Synthetic Lyapunov stabilization technique for designing actuation-constrained multi-input multi-output control systems

Abstract

The main objective of this paper is to present a non-predictive method in the design of nonlinear multi-input multi-output (MIMO) control systems with the presence of constraints that are determinant in practical conditions, namely, the frequency bandwidth limitation of the actuation system and saturation boundaries in control commands. If these constraints are applied in the non-predictive control design problem, it is not possible to simultaneously satisfy Lyapunov stability and actuation constraints, analytically. Instead of model-predictive-based algorithms, which in most cases are computationally expensive, this paper proposes an algorithm based on synthetic Lyapunov stability.

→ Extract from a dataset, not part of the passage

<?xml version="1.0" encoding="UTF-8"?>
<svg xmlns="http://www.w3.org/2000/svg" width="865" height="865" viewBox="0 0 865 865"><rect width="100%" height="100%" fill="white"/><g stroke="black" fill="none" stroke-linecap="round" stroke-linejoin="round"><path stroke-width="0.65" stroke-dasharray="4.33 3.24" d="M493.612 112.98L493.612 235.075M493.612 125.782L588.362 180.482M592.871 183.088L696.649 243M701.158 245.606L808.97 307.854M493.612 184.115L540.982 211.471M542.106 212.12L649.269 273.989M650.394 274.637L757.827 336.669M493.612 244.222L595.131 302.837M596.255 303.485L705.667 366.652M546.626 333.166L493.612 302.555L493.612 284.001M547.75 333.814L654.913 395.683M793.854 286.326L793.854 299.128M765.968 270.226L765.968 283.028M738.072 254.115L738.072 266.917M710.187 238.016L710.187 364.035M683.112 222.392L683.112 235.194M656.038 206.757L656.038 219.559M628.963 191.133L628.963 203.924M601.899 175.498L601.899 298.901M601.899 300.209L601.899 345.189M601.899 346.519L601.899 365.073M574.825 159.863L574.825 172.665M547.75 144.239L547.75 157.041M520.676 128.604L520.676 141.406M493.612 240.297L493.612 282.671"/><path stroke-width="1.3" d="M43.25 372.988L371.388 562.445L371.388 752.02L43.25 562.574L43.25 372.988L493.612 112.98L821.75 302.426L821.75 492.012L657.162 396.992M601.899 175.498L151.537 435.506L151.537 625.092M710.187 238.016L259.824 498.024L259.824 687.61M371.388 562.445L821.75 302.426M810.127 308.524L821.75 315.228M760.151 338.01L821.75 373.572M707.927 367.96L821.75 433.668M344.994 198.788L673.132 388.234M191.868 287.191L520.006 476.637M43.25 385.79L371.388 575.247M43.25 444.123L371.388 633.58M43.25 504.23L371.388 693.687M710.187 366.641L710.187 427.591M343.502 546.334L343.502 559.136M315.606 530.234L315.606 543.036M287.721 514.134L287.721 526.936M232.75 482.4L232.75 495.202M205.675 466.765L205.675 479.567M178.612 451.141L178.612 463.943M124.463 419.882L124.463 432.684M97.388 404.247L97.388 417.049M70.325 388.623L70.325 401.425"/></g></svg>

In this technique, by defining an intelligent filter applied to the system desired trajectories, defining intelligent proximity coefficients in decoupled inequalities resulting from Lyapunov stability, and determining the admissible boundaries of control commands, a space of regulatory parameters is generated. By appropriately adjusting these parameters based on statistical analysis conducted on the overall dynamics of the system, the Lyapunov stability is guaranteed, and the mentioned control constraints are not violated. In summary, the proposed control algorithm includes the formulation of discrete-time dynamics of sliding functions, the presentation of the procedure of defining and adjusting the control algorithm parameters with the proposed synthetic stability criterion, and the calculation of control inputs based on constraints imposed on the problem. Finally, the algorithm is applied to a cart moving in the X-Y plane, including two rigid cooperative arms that are carrying a load. The most important features of synthetic Lyapunov stability compared to the model predictive-based method are its small computational load and its acceptable performance in satisfying both the Lyapunov stability conditions and determinant control constraints in more realistic situations.